A remote browser allows users to access and interact with websites via a benign video display of web code rendered in the cloud. Remote browsers are either remote appliances with just enough operating system to run, or standalone applications in a virtual machine that contain a copy of the entire operating system. When organizations use a virtual browser, untrusted web content is rendered safely within a secure cloud-based container, with the end-user viewing the session remotely. The workstation only receives a harmless video and audio stream of the cloud browser session, preventing malicious code from infecting the user’s local workstation. The user can still view, interact with, and process web content using a familiar interface; however, it is in a completely safe manner that isolates the untrusted web from the trusted internal organization network.
Commercial browsers like Chrome, Firefox and Safari allow web code to execute on a user's desktop computer or mobile device. These browsers are tightly integrated with the operating system, and facilitate tracking and browser fingerprinting even if the user is in private browsing mode. Remotel browsers keep web-borne threats such as malware off an investigator’s device and internal networks, keeping enterprises and government agencies safe.
Both the remote browser and the isolation (remote) browser are logically or physically separated from a local computer's underlying operating system. A remote browser can run in a remote environment on a local computer (logical separation), or in a cloud-based service (physical separation).

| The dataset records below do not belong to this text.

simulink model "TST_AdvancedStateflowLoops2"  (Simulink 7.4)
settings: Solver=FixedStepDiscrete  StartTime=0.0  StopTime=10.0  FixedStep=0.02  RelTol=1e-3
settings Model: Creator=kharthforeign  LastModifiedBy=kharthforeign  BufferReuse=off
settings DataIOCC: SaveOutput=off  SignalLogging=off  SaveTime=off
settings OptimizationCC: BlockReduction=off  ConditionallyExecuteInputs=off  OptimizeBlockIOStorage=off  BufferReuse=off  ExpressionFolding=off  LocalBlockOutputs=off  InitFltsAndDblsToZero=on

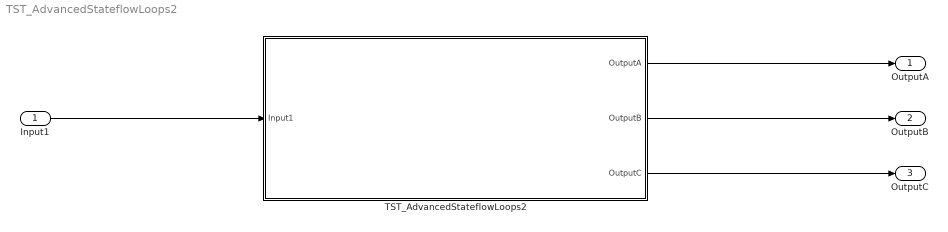
== system TST_AdvancedStateflowLoops2 ==
  Input1 : Inport  DataType=uint32  OutDataType=fixdt(1, 16)  OutScaling=2^0  OutDataTypeStr=uint32  BusOutputAsStruct=on
  TST_AdvancedStateflowLoops2 : Subsystem  TreatAsAtomicUnit=on
  OutputA : Outport  PortDimensions=1  DataType=double  OutDataType=fixdt(1, 16)  OutScaling=2^0  OutDataTypeStr=double
  OutputB : Outport  Port=2  PortDimensions=1  DataType=double  OutDataType=Enum: DIL_VmmGsFcsCommandsMessage_LatApModeCmd  OutDataTypeStr=double
  OutputC : Outport  Port=3  PortDimensions=1  DataType=double  OutDataType=fixdt(1, 16)  OutScaling=2^0  OutDataTypeStr=double
  wires:
  Input1/1 -> TST_AdvancedStateflowLoops2/1(Input1)
  TST_AdvancedStateflowLoops2/1(OutputA) -> OutputA/1
  TST_AdvancedStateflowLoops2/2(OutputB) -> OutputB/1
  TST_AdvancedStateflowLoops2/3(OutputC) -> OutputC/1

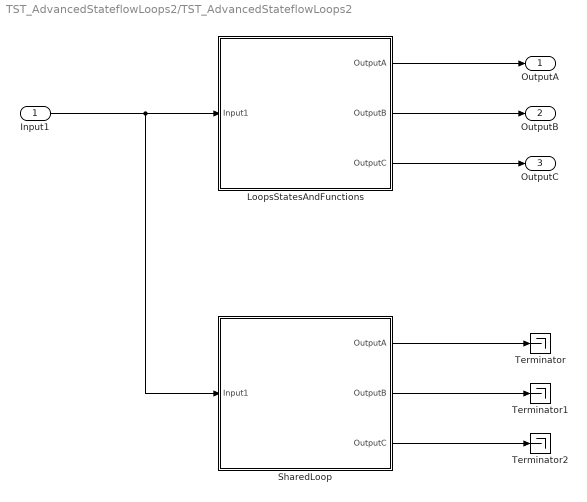
== system TST_AdvancedStateflowLoops2/TST_AdvancedStateflowLoops2 ==
  Input1 : Inport  DataType=uint32  OutDataType=fixdt(1, 16)  OutScaling=2^0  OutDataTypeStr=uint32  BusOutputAsStruct=on
  LoopsStatesAndFunctions : Stateflow chart
  SharedLoop : Stateflow chart
  Terminator : Terminator
  Terminator1 : Terminator
  Terminator2 : Terminator
  OutputA : Outport  PortDimensions=1  DataType=double  OutDataType=fixdt(1, 16)  OutScaling=2^0  OutDataTypeStr=double
  OutputB : Outport  Port=2  PortDimensions=1  DataType=double  OutDataType=Enum: DIL_VmmGsFcsCommandsMessage_LatApModeCmd  OutDataTypeStr=double
  OutputC : Outport  Port=3  PortDimensions=1  DataType=double  OutDataType=fixdt(1, 16)  OutScaling=2^0  OutDataTypeStr=double
  wires:
  LoopsStatesAndFunctions/1(OutputA) -> OutputA/1
  LoopsStatesAndFunctions/2(OutputB) -> OutputB/1
  LoopsStatesAndFunctions/3(OutputC) -> OutputC/1
  Input1/1 -> LoopsStatesAndFunctions/1(Input1), SharedLoop/1(Input1)
  SharedLoop/1(OutputA) -> Terminator/1
  SharedLoop/2(OutputB) -> Terminator1/1
  SharedLoop/3(OutputC) -> Terminator2/1

== stateflow chart TST_AdvancedStateflowLoops2/LoopsStatesAndFunctions ==
  state Ping
  state Pong
    state PongSubA
    state PongSubB
    note: demonstrate a loop inside a state
    (default) -> (junction 11)
    (junction 11) -> (junction 11) [order 1] : [C]{OutputC = 5.0;}
    (junction 11) -> PongSubA [order 2]
    PongSubA -> PongSubB : [Iterate(uint32(3))]
    PongSubB -> PongSubA : [Iterate(uint32(4))]
  state x = Iterate(b) [function]
    note: demonstrate a loop instide a function
    (default) -> (junction 14) : {Count = uint32(0);}
    (junction 14) -> (junction 15) [order 1] : [Count < b]...
        | {Count += uint32(1);}
    (junction 15) -> (junction 14) : {OutputC = ...
        | OutputC * OutputC;}
    (junction 14) -> (junction 16) [order 2] : {x = true;}
  note: demonstrate a loop between states
  (default) -> Ping
  Ping -> Pong [order 1] : [A]{OutputA = 2.0;}
  Ping -> (junction 12) [order 2]
  (junction 12) -> (junction 13) [order 1] : [B]{OutputB = 3.0;}
  (junction 13) -> (junction 12) : {OutputB += 1.0;}
  (junction 12) -> Pong [order 2]
  data: Count temporary uint32; b function_input uint32; x function_output boolean; Input1 input uint32; OutputA output double =1; OutputB output double =2; OutputC output double =3; Local local uint32 =0; A local boolean; B local boolean; C local boolean

== stateflow chart TST_AdvancedStateflowLoops2/SharedLoop ==
  state StateA
  state StateB
  state StateC
  note: demonstrate a flowgraph-loop on a joined path
      | with two different sources
  (default) -> StateA
  (junction 50) -> (junction 51) [order 1] : [B]
  (junction 51) -> (junction 52)
  (junction 52) -> (junction 50) : {OutputB += 2.0}
  (junction 49) -> (junction 50) : [A]
  (junction 50) -> StateC [order 2] : /{OutputC = 7.0}
  StateA -> (junction 49) [order 2]
  StateA -> StateB [order 1] : [Input1 > 5]
  StateB -> (junction 49) : [Input1 < 5]
  data: Input1 input uint32; OutputA output double =1; OutputB output double =2; OutputC output double =3; Local local uint32 =0; A local boolean; B local boolean; C local boolean; D local boolean
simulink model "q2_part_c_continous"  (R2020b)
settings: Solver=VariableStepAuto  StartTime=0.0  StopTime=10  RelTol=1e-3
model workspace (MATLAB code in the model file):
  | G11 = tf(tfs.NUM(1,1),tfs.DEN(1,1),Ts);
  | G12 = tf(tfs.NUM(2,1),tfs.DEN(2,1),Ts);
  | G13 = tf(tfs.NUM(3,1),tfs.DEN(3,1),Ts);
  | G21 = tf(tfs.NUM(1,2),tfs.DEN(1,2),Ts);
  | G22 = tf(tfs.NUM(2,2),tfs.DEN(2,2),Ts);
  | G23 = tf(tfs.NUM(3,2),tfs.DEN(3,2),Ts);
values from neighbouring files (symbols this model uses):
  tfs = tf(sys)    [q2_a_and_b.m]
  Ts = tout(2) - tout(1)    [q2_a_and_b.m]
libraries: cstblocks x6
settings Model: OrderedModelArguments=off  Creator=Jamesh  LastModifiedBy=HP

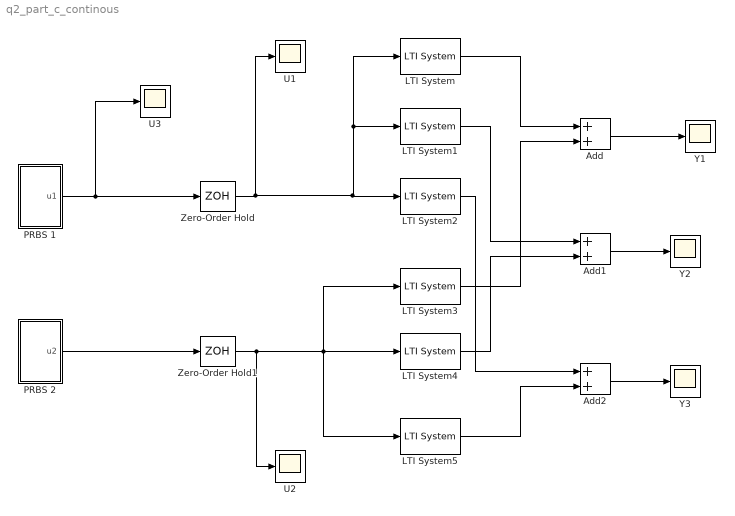
== system q2_part_c_continous ==
  Add : Sum
  Add1 : Sum
  Add2 : Sum
  LTI System : cstblocks/LTI System  sys=G11  IC=[]
  LTI System1 : cstblocks/LTI System  sys=G12  IC=[]
  LTI System2 : cstblocks/LTI System  sys=G13  IC=[]
  LTI System3 : cstblocks/LTI System  sys=G21  IC=[]
  LTI System4 : cstblocks/LTI System  sys=G22  IC=[]
  LTI System5 : cstblocks/LTI System  sys=G23  IC=[]
  PRBS 1 : Subsystem
  PRBS 2 : Subsystem
  U1 : Scope
  U2 : Scope
  U3 : Scope
  Y1 : Scope
  Y2 : Scope
  Y3 : Scope
  Zero-Order Hold : ZeroOrderHold  SampleTime=-1
  Zero-Order Hold1 : ZeroOrderHold  SampleTime=-1
  wires:
  LTI System/1 -> Add/1
  LTI System3/1 -> Add/2
  LTI System1/1 -> Add1/1
  LTI System4/1 -> Add1/2
  LTI System2/1 -> Add2/1
  LTI System5/1 -> Add2/2
  Add1/1 -> Y2/1
  Add/1 -> Y1/1
  Add2/1 -> Y3/1
  PRBS 1/1(u1) -> U3/1, Zero-Order Hold/1
  Zero-Order Hold/1 -> LTI System2/1, LTI System1/1, LTI System/1, U1/1
  Zero-Order Hold1/1 -> U2/1, LTI System3/1, LTI System5/1, LTI System4/1
  PRBS 2/1(u2) -> Zero-Order Hold1/1

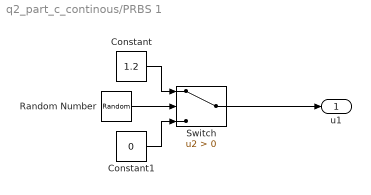
== system q2_part_c_continous/PRBS 1 ==
  Constant : Constant  Value=1.2
  Constant1 : Constant  Value=0
  Random Number : RandomNumber  Seed=1  SampleTime=0.25
  Switch : Switch  Criteria=u2 > Threshold
  u1 : Outport
  wires:
  Switch/1 -> u1/1
  Random Number/1 -> Switch/2
  Constant1/1 -> Switch/3
  Constant/1 -> Switch/1

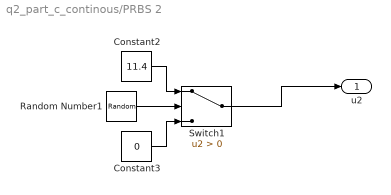
== system q2_part_c_continous/PRBS 2 ==
  Constant2 : Constant  Value=11.4
  Constant3 : Constant  Value=0
  Random Number1 : RandomNumber  Seed=2  SampleTime=0.25
  Switch1 : Switch  Criteria=u2 > Threshold
  u2 : Outport
  wires:
  Random Number1/1 -> Switch1/2
  Switch1/1 -> u2/1
  Constant3/1 -> Switch1/3
  Constant2/1 -> Switch1/1

An isolation browser is a form of remote browser that is physically separated from the local system and runs entirely in the cloud. Partial isolation browsers can still pose some risk to investigators because after they inspect web content, they still download it to the local computer. Full isolation browsers don’t download anything from the web, allowing online researchers to safely view and interact with any type of content.
All online investigators encounter cyber risk. Any link you click on, or site you navigate to, poses a potential risk of malware that could download to your device and can spread to the network. Malware comes in all shapes and sizes – from ransomware that could shut down your entire network, to keyloggers that can track everything you type. This is why browser isolation is important — particularly in investigations that will likely encounter bad actors or risky content, as in law enforcement investigations — to keep absolute separation between the browsing environment and the device. A remote browser provides a full browser experience without the risk of exposure to malware.
But there’s another risk particular to investigators: tipping off investigative targets simply because of how most commercial browsers work. Traditional browsers like Chrome, Firefox or Safari track users during — and even between — browsing sessions and obtain an array of information about their device, browsing activity and more.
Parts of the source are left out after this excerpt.